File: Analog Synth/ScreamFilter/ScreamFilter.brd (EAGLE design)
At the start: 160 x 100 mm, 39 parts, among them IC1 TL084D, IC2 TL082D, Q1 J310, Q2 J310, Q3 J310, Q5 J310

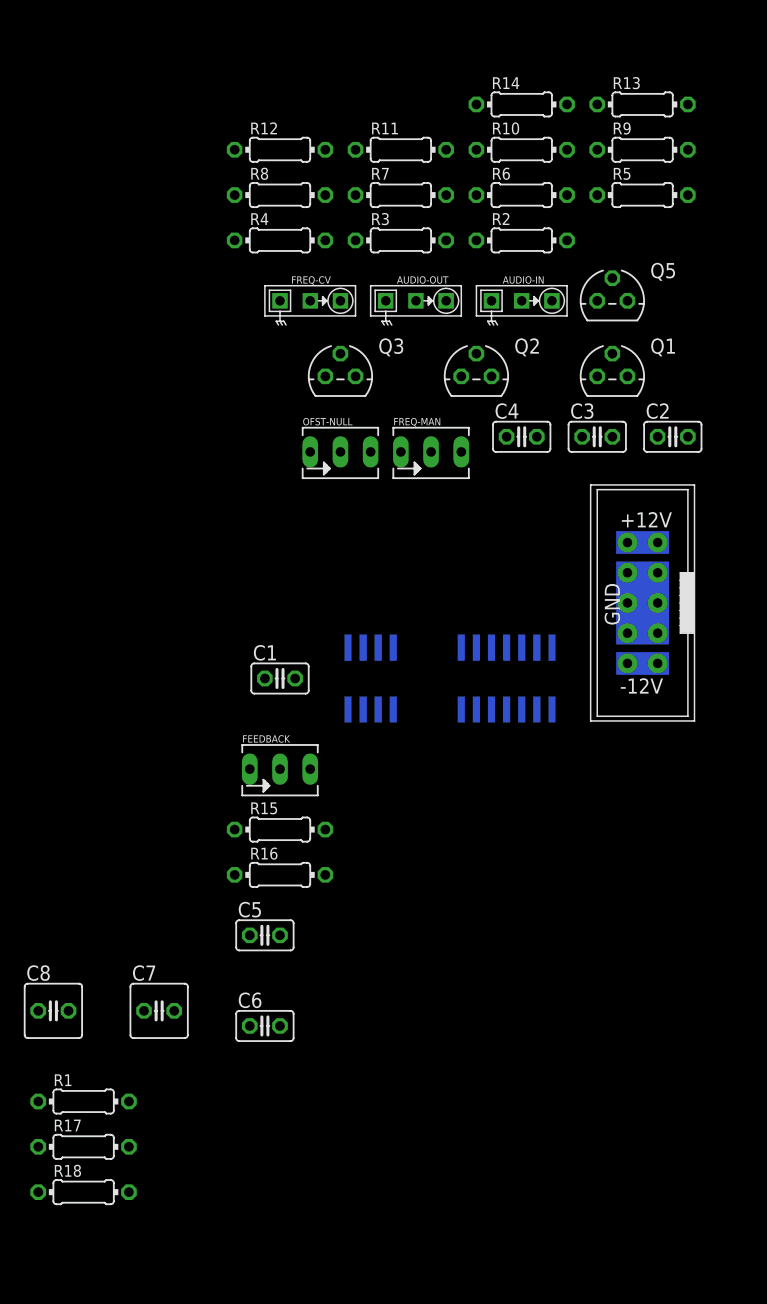
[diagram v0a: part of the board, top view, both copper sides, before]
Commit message: ScreamFilter v1.0; TODO: Add LEDs to ScreamFilter...   updated VCA-v2 for some reason.
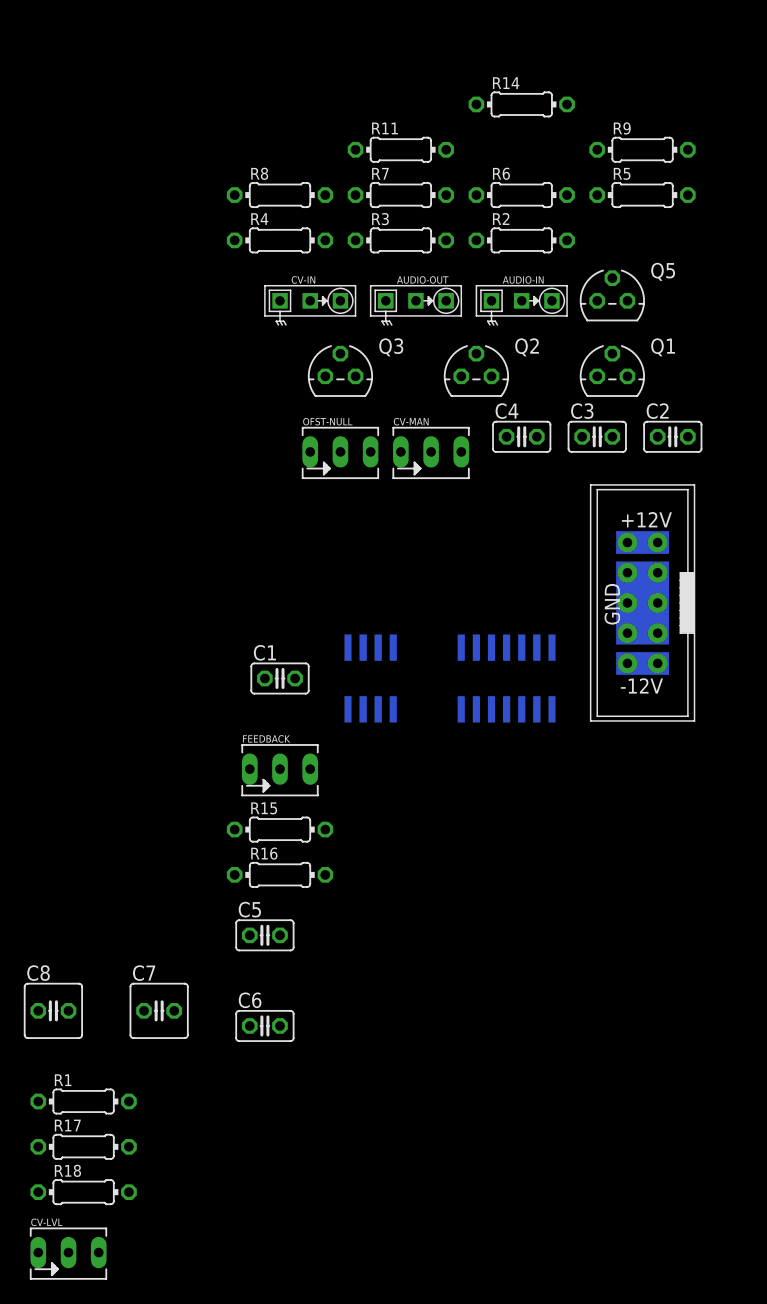
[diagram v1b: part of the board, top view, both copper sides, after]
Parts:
- removed R10: 180k, rcl:0204/7
- removed R12, R13: 100k, rcl:0204/7
- added CV-LVL: 100k LOG, pot:B64Y
- CV-MAN: value 100k LIN -> 10k LIN
- R1: value 180k -> 82k
- R11: value 2.2K -> 2.2k
- R17: value 33K -> 220k
- R18: value 12k -> 47k
- R7, R8: value 33K -> 100k
- R9: value 180k -> 47k
- renumbered FREQ-CV to CV-IN, FREQ-MAN to CV-MAN
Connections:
- removed net N$11: Q2.D
- removed net N$15: Q3.D
- removed net N$3: Q1.G, Q2.G, Q3.G, Q5.G, R1.2, R17.2, R18.2
- removed net N$7: Q5.D
- net +12V: no longer R7.2
- net GND: now also CV-LVL.A, R7.2; no longer R13.2
- net N$13: now also Q3.D
- net N$21: now also CV-LVL.E; no longer R9.1
- net N$22: no longer R10.2
- net N$23: now also Q1.G, Q2.G, Q3.G, Q5.G, R1.2, R17.2, R18.2; no longer R10.1
- net N$25: now also CV-LVL.S, R9.1; no longer IC2.6, R12.1, R13.1
- net N$30: now also IC2.6; no longer R12.2
- net N$6: now also Q5.D
- net N$9: now also Q2.D

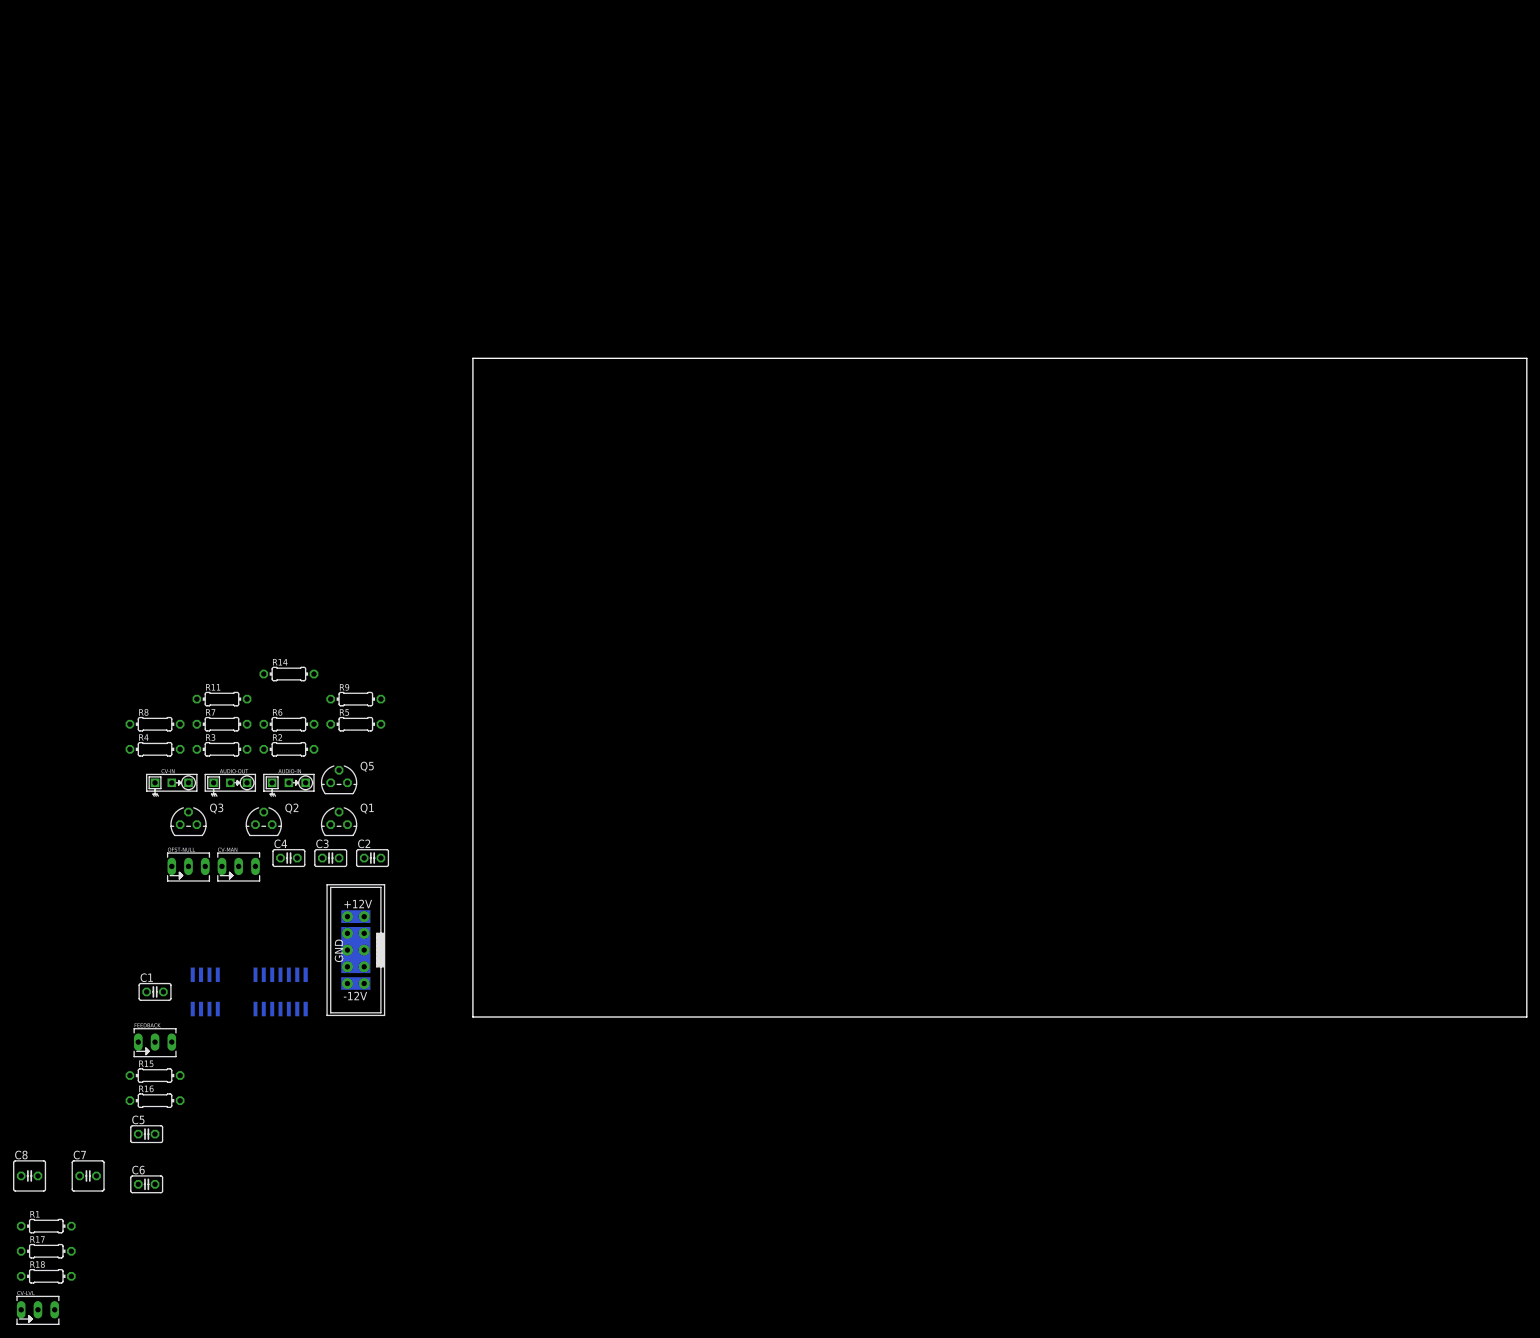
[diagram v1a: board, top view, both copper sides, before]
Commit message: VCA-v2 new schematic pdf; ScreamFilter layout has begun.
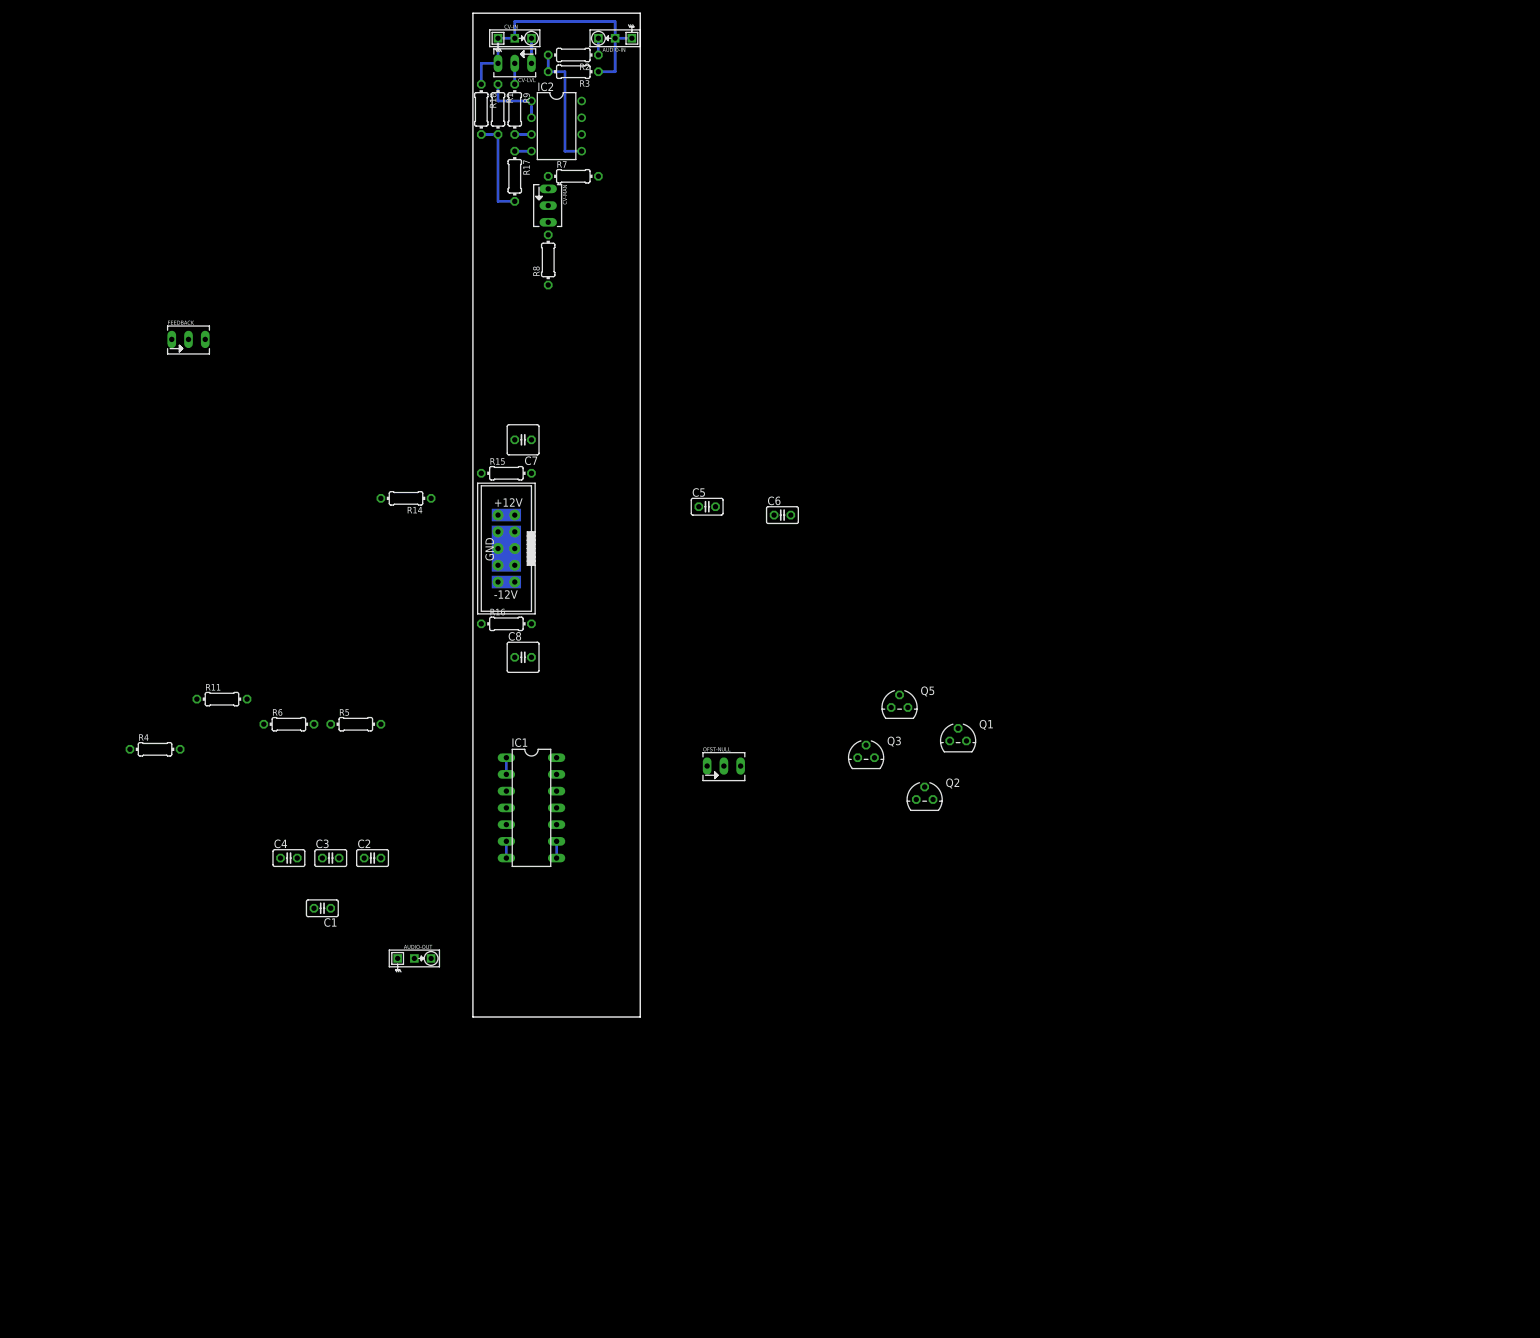
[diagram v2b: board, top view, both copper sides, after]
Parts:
- C7, C8: value (none) -> 100µ
- IC1: value TL084D -> TL084P; device linear:SO14 -> linear:DIL14
- IC2: value TL082D -> TL082P; device linear:SO08 -> linear:DIL08
- R15, R16: value 4.7 -> 7.5
- moved CV-LVL 202.6 mm to (6.35, 144.8), turned to 180 degrees
- moved R18 189.1 mm to (1.27, 137.8), turned to 270 degrees
- moved R1 182.9 mm to (3.81, 137.8), turned to 270 degrees
- moved R17 178.0 mm to (6.35, 127.6), turned to 270 degrees
- moved IC2 141.9 mm to (12.7, 135.3), flipped to the top, turned to 270 degrees
- moved C6 140.1 mm to (47.0, 76.2)
- moved C7 129.8 mm to (7.62, 87.6), turned to 180 degrees
- moved C5 127.7 mm to (35.6, 77.5)
- moved CV-IN 124.4 mm to (6.35, 148.6)
- moved AUDIO-IN 123.4 mm to (21.6, 148.6), turned to 180 degrees
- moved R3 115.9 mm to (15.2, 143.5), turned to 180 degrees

-- About this exercise --
Restate, word for word, the entries above, dropping any picture.

-- Answer below --
File: Analog Synth/ScreamFilter/ScreamFilter.brd (EAGLE design)
At the start: 160 x 100 mm, 39 parts, among them IC1 TL084D, IC2 TL082D, Q1 J310, Q2 J310, Q3 J310, Q5 J310

[diagram v0a: part of the board, top view, both copper sides, before]
Commit message: ScreamFilter v1.0; TODO: Add LEDs to ScreamFilter...   updated VCA-v2 for some reason.
[diagram v1b: part of the board, top view, both copper sides, after]
Parts:
- removed R10: 180k, rcl:0204/7
- removed R12, R13: 100k, rcl:0204/7
- added CV-LVL: 100k LOG, pot:B64Y
- CV-MAN: value 100k LIN -> 10k LIN
- R1: value 180k -> 82k
- R11: value 2.2K -> 2.2k
- R17: value 33K -> 220k
- R18: value 12k -> 47k
- R7, R8: value 33K -> 100k
- R9: value 180k -> 47k
- renumbered FREQ-CV to CV-IN, FREQ-MAN to CV-MAN
Connections:
- removed net N$11: Q2.D
- removed net N$15: Q3.D
- removed net N$3: Q1.G, Q2.G, Q3.G, Q5.G, R1.2, R17.2, R18.2
- removed net N$7: Q5.D
- net +12V: no longer R7.2
- net GND: now also CV-LVL.A, R7.2; no longer R13.2
- net N$13: now also Q3.D
- net N$21: now also CV-LVL.E; no longer R9.1
- net N$22: no longer R10.2
- net N$23: now also Q1.G, Q2.G, Q3.G, Q5.G, R1.2, R17.2, R18.2; no longer R10.1
- net N$25: now also CV-LVL.S, R9.1; no longer IC2.6, R12.1, R13.1
- net N$30: now also IC2.6; no longer R12.2
- net N$6: now also Q5.D
- net N$9: now also Q2.D

[diagram v1a: board, top view, both copper sides, before]
Commit message: VCA-v2 new schematic pdf; ScreamFilter layout has begun.
[diagram v2b: board, top view, both copper sides, after]
Parts:
- C7, C8: value (none) -> 100µ
- IC1: value TL084D -> TL084P; device linear:SO14 -> linear:DIL14
- IC2: value TL082D -> TL082P; device linear:SO08 -> linear:DIL08
- R15, R16: value 4.7 -> 7.5
- moved CV-LVL 202.6 mm to (6.35, 144.8), turned to 180 degrees
- moved R18 189.1 mm to (1.27, 137.8), turned to 270 degrees
- moved R1 182.9 mm to (3.81, 137.8), turned to 270 degrees
- moved R17 178.0 mm to (6.35, 127.6), turned to 270 degrees
- moved IC2 141.9 mm to (12.7, 135.3), flipped to the top, turned to 270 degrees
- moved C6 140.1 mm to (47.0, 76.2)
- moved C7 129.8 mm to (7.62, 87.6), turned to 180 degrees
- moved C5 127.7 mm to (35.6, 77.5)
- moved CV-IN 124.4 mm to (6.35, 148.6)
- moved AUDIO-IN 123.4 mm to (21.6, 148.6), turned to 180 degrees
- moved R3 115.9 mm to (15.2, 143.5), turned to 180 degrees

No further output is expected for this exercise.